A while ago I purchased a cheap TFT LCD Arduino shield from Ebay (e.g 1 2 3). The board arrived with no documentation. Disassembling the shield revealed no ICs, indicating that the driver is integrated with the LCD itself. Upon request, the vendor provided an archive containing a few amusingly translated datasheets, as well as a copy of Adafruit's Arduino LCD drivers. Evidently the product is a clone of the Adafruit LCD shields, and uses the ILI9341 LCD driver. I had hoped to use the display to show short animated GIF loops. This is not, in practice, possible. Test animations loaded slowly, with noticeable flicker and vertical tearing. The Arduino does not have enough speed or bandwidth to render full-screen animation frames, but what about 3D vector graphics?



Both optimizing ILI9341 LCD drivers and rendering basic wireframe meshes have been done before. XarkLabs provides an optimized fork of Adafruit's library. Youtube user electrodacus has also implementd an optimize driver for the ILI9341 communicating over SPI. Existing 3D wireframe demonstrations (e.g. 1, 2), even ones using optimized drivers, display a noticeable flicker when the animation updates. This flicker is caused by the delay between when the previous frame is erased and when the new frame is drawn.

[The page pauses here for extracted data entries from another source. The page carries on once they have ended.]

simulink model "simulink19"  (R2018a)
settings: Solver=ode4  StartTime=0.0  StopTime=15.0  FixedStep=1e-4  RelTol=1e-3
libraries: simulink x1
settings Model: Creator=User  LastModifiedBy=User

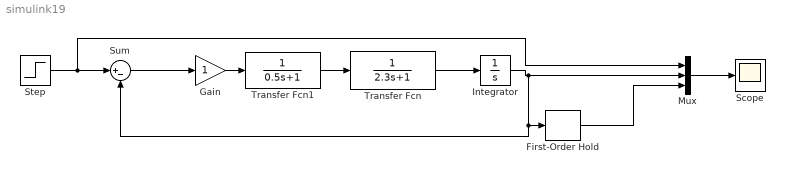
== system simulink19 ==
  First-Order Hold : simulink/Discrete/First-Order Hold  DisableCoverage=on  Ts=1
      settings: SourceProductName=Simulink  SourceProductBaseCode=SL
  Gain : Gain
  Integrator : Integrator
  Mux : Mux  Inputs=3
  Scope : Scope
  Step : Step  Time=0  SampleTime=0
  Sum : Sum  Inputs=|+-
  Transfer Fcn : TransferFcn  Denominator=[2.3 1]
  Transfer Fcn1 : TransferFcn  Denominator=[0.5 1]
  wires:
  Transfer Fcn/1 -> Integrator/1
  Sum/1 -> Gain/1
  Step/1 -> Mux/1, Sum/1
  Gain/1 -> Transfer Fcn1/1
  Integrator/1 -> First-Order Hold/1, Sum/2, Mux/2
  Mux/1 -> Scope/1
  Transfer Fcn1/1 -> Transfer Fcn/1
  First-Order Hold/1 -> Mux/3

Avoiding flicker and tearing There simply isn't enough processing power on the Arduino to render anything significant within one frame length, and there isn't enough memory to perform off-screen rendering. The ILI9341 supports a 16-bit RGB color interface with 320x240 pixels, and buffering even a single frame would take 150 kilobytes of memory, compared to the AtMega328's two kilobytes of RAM. The solution is to render animation frames in such a way that the intermediate rendering stages are not noticeable to the human eye. This can be achieved by rendering subsequent frames on top of previous frames without erasing, and then erasing only those pixels that have changed.


3D graphics engine on the Arduino: avoiding flickering and tearing.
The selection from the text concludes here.